Prove that $3^n>n^2$ for any positive integer n>2
Let $n=1$ $$3^1>1^2$$ Let $n=2$ $$3^2>2^2$$ Assume P holds for n=k $$3^k>k^2$$ Let $n=k+1$ $$ \begin{align} 3^{k+1}>(k+1)^2 \\3\times3^k>(k+1)^2 \end{align}$$ From here I can not find where to go to finish the proof.

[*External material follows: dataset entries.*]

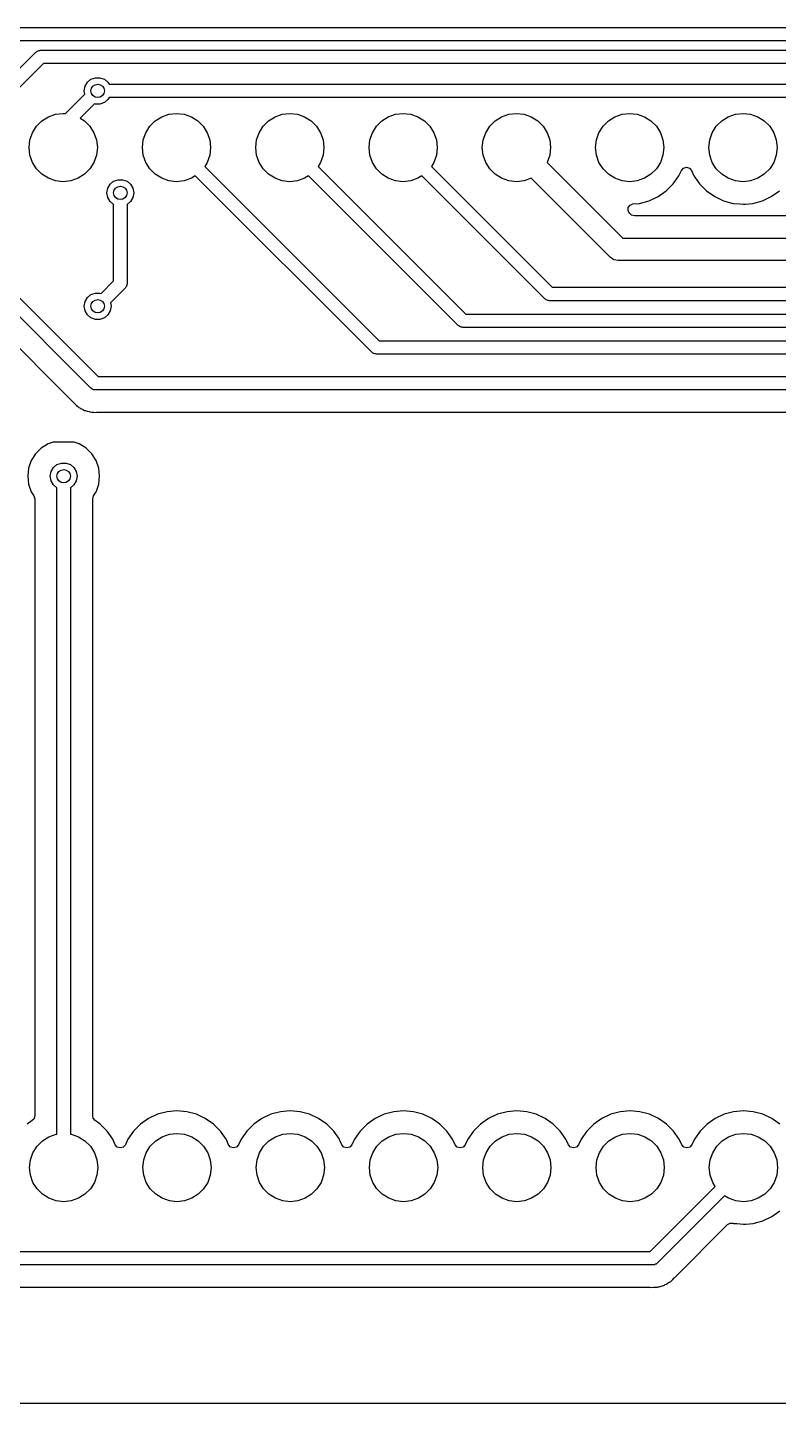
# Model space of a CAD drawing. Extents: x 3.96 to 7.44, y -5.28 to -1.66.
# Drawn here: x 4.838 to 5.501, y -5.278 to -4.064 of the extents above; entities that cross this region are included whole.
import ezdxf

# ---------------------------------------------------------------- set-up
doc = ezdxf.new("R2010")
doc.units = 0
doc.header["$MEASUREMENT"] = 0
doc.layers.add('BLACK', color=7, linetype='CONTINUOUS')

msp = doc.modelspace()

# ---------------------------------------------------------------- linework, layer by layer
at = {"layer": 'BLACK', "linetype": 'CONTINUOUS'}
for p, q in [((4.66961, -4.06409), (6.05, -4.06409)), ((6.04755, -4.07591), (4.67205, -4.07591)), ((4.78618, -4.14507), (4.84543, -4.08582)), ((4.84543, -4.08582), (4.8461, -4.08544)), ((4.8461, -4.08544), (4.84665, -4.08489)), ((4.84665, -4.08489), (4.8474, -4.08468)), ((4.8474, -4.08468), (4.84808, -4.0843)), ((4.84808, -4.0843), (4.84886, -4.0843)), ((4.84886, -4.0843), (4.84961, -4.08409)), ((4.84961, -4.08409), (6.02, -4.08409)), ((4.85205, -4.09591), (4.79454, -4.15342)), ((6.01755, -4.09591), (4.85205, -4.09591)), ((4.8889, -4.11596), (4.89095, -4.11241)), ((4.89095, -4.11241), (4.89409, -4.10977)), ((4.89409, -4.10977), (4.89795, -4.10837)), ((4.89795, -4.10837), (4.90205, -4.10837)), ((4.90205, -4.10837), (4.90591, -4.10977)), ((4.90591, -4.10977), (4.90905, -4.11241)), ((4.90905, -4.11241), (4.91002, -4.11409)), ((4.91002, -4.11409), (6, -4.11409)), ((4.87155, -4.1401), (4.88871, -4.12294)), ((4.88819, -4.12), (4.8889, -4.11596)), ((4.88871, -4.12294), (4.88819, -4.12)), ((4.90905, -4.12759), (4.90591, -4.13023)), ((4.91002, -4.12591), (4.90905, -4.12759)), ((5.99755, -4.12591), (4.91002, -4.12591)), ((4.8629, -4.14064), (4.86961, -4.13988)), ((4.86961, -4.13988), (4.87155, -4.1401)), ((4.89705, -4.1313), (4.8844, -4.14395)), ((4.89795, -4.13163), (4.89705, -4.1313)), ((4.90205, -4.13163), (4.89795, -4.13163)), ((4.90591, -4.13023), (4.90205, -4.13163)), ((4.9629, -4.14064), (4.96961, -4.13988)), ((4.96961, -4.13988), (4.97631, -4.14064)), ((5.0629, -4.14064), (5.06961, -4.13988)), ((5.06961, -4.13988), (5.07631, -4.14064)), ((5.1629, -4.14064), (5.16961, -4.13988)), ((5.16961, -4.13988), (5.17631, -4.14064)), ((5.2629, -4.14064), (5.26961, -4.13988)), ((5.26961, -4.13988), (5.27631, -4.14064)), ((5.3629, -4.14064), (5.36961, -4.13988)), ((5.36961, -4.13988), (5.37631, -4.14064)), ((5.4629, -4.14064), (5.46961, -4.13988)), ((5.46961, -4.13988), (5.47631, -4.14064)), ((4.84247, -4.15693), (4.84606, -4.15122)), ((4.84606, -4.15122), (4.85083, -4.14645)), ((4.85083, -4.14645), (4.85654, -4.14286)), ((4.85654, -4.14286), (4.8629, -4.14064)), ((4.8844, -4.14395), (4.88838, -4.14645)), ((4.88838, -4.14645), (4.89315, -4.15122)), ((4.89315, -4.15122), (4.89674, -4.15693)), ((4.94247, -4.15693), (4.94606, -4.15122)), ((4.94606, -4.15122), (4.95083, -4.14645)), ((4.95083, -4.14645), (4.95654, -4.14286)), ((4.95654, -4.14286), (4.9629, -4.14064)), ((4.97631, -4.14064), (4.98267, -4.14286)), ((4.98267, -4.14286), (4.98838, -4.14645)), ((4.98838, -4.14645), (4.99315, -4.15122)), ((4.99315, -4.15122), (4.99674, -4.15693)), ((5.04247, -4.15693), (5.04606, -4.15122)), ((5.04606, -4.15122), (5.05083, -4.14645)), ((5.05083, -4.14645), (5.05654, -4.14286)), ((5.05654, -4.14286), (5.0629, -4.14064)), ((5.07631, -4.14064), (5.08267, -4.14286)), ((5.08267, -4.14286), (5.08838, -4.14645)), ((5.08838, -4.14645), (5.09315, -4.15122)), ((5.09315, -4.15122), (5.09674, -4.15693)), ((5.14247, -4.15693), (5.14606, -4.15122)), ((5.14606, -4.15122), (5.15083, -4.14645)), ((5.15083, -4.14645), (5.15654, -4.14286)), ((5.15654, -4.14286), (5.1629, -4.14064)), ((5.17631, -4.14064), (5.18267, -4.14286)), ((5.18267, -4.14286), (5.18838, -4.14645)), ((5.18838, -4.14645), (5.19315, -4.15122)), ((5.19315, -4.15122), (5.19674, -4.15693)), ((5.24247, -4.15693), (5.24606, -4.15122)), ((5.24606, -4.15122), (5.25083, -4.14645)), ((5.25083, -4.14645), (5.25654, -4.14286)), ((5.25654, -4.14286), (5.2629, -4.14064)), ((5.27631, -4.14064), (5.28267, -4.14286)), ((5.28267, -4.14286), (5.28838, -4.14645)), ((5.28838, -4.14645), (5.29315, -4.15122)), ((5.29315, -4.15122), (5.29674, -4.15693)), ((5.34247, -4.15693), (5.34606, -4.15122)), ((5.34606, -4.15122), (5.35083, -4.14645)), ((5.35083, -4.14645), (5.35654, -4.14286)), ((5.35654, -4.14286), (5.3629, -4.14064)), ((5.37631, -4.14064), (5.38267, -4.14286)), ((5.38267, -4.14286), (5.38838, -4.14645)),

The main part of the question is the proof, however; I would like to also know if using $n=k+1$ is always the way to go? I have only done a few proofs by induction and so far to my understanding is that the whole point is to prove the function, series or statement for all positive integers. Is there a special way to go about these types of problems when only given an inequality or a single statement? In comparison to being give a sequence and told what that sequence as a function is, i.e $1+2+3+...+n=\frac{n(n+1)}{2}$ as an example as an easy sequence to prove with $n=k+1$
You proved $n=1,2$.
So we do $$3^{k+1}=3 \times 3^{k} >3k^2 $$ From the assumption. If $k \ge 2$, it follows that $k^2\ge2k$, $k^2>1$ so,$$3k^2=k^2+k^2+k^2>k^2+2k+1=(k+1)^2$$ So $$3^{k+1}>3k^2>(k+1)^2$$Thus, $P$ holds is $n=k+1$. We are done!
As for your second question, most induction does use $$n=k \rightarrow n=k+1$$ However, there are several different kinds of induction, such as using $$n=k,k+1 \rightarrow n=k+2$$ or $$n=1,2,3,4,\dots,k \rightarrow k+1$$ The last is called Strong Induction.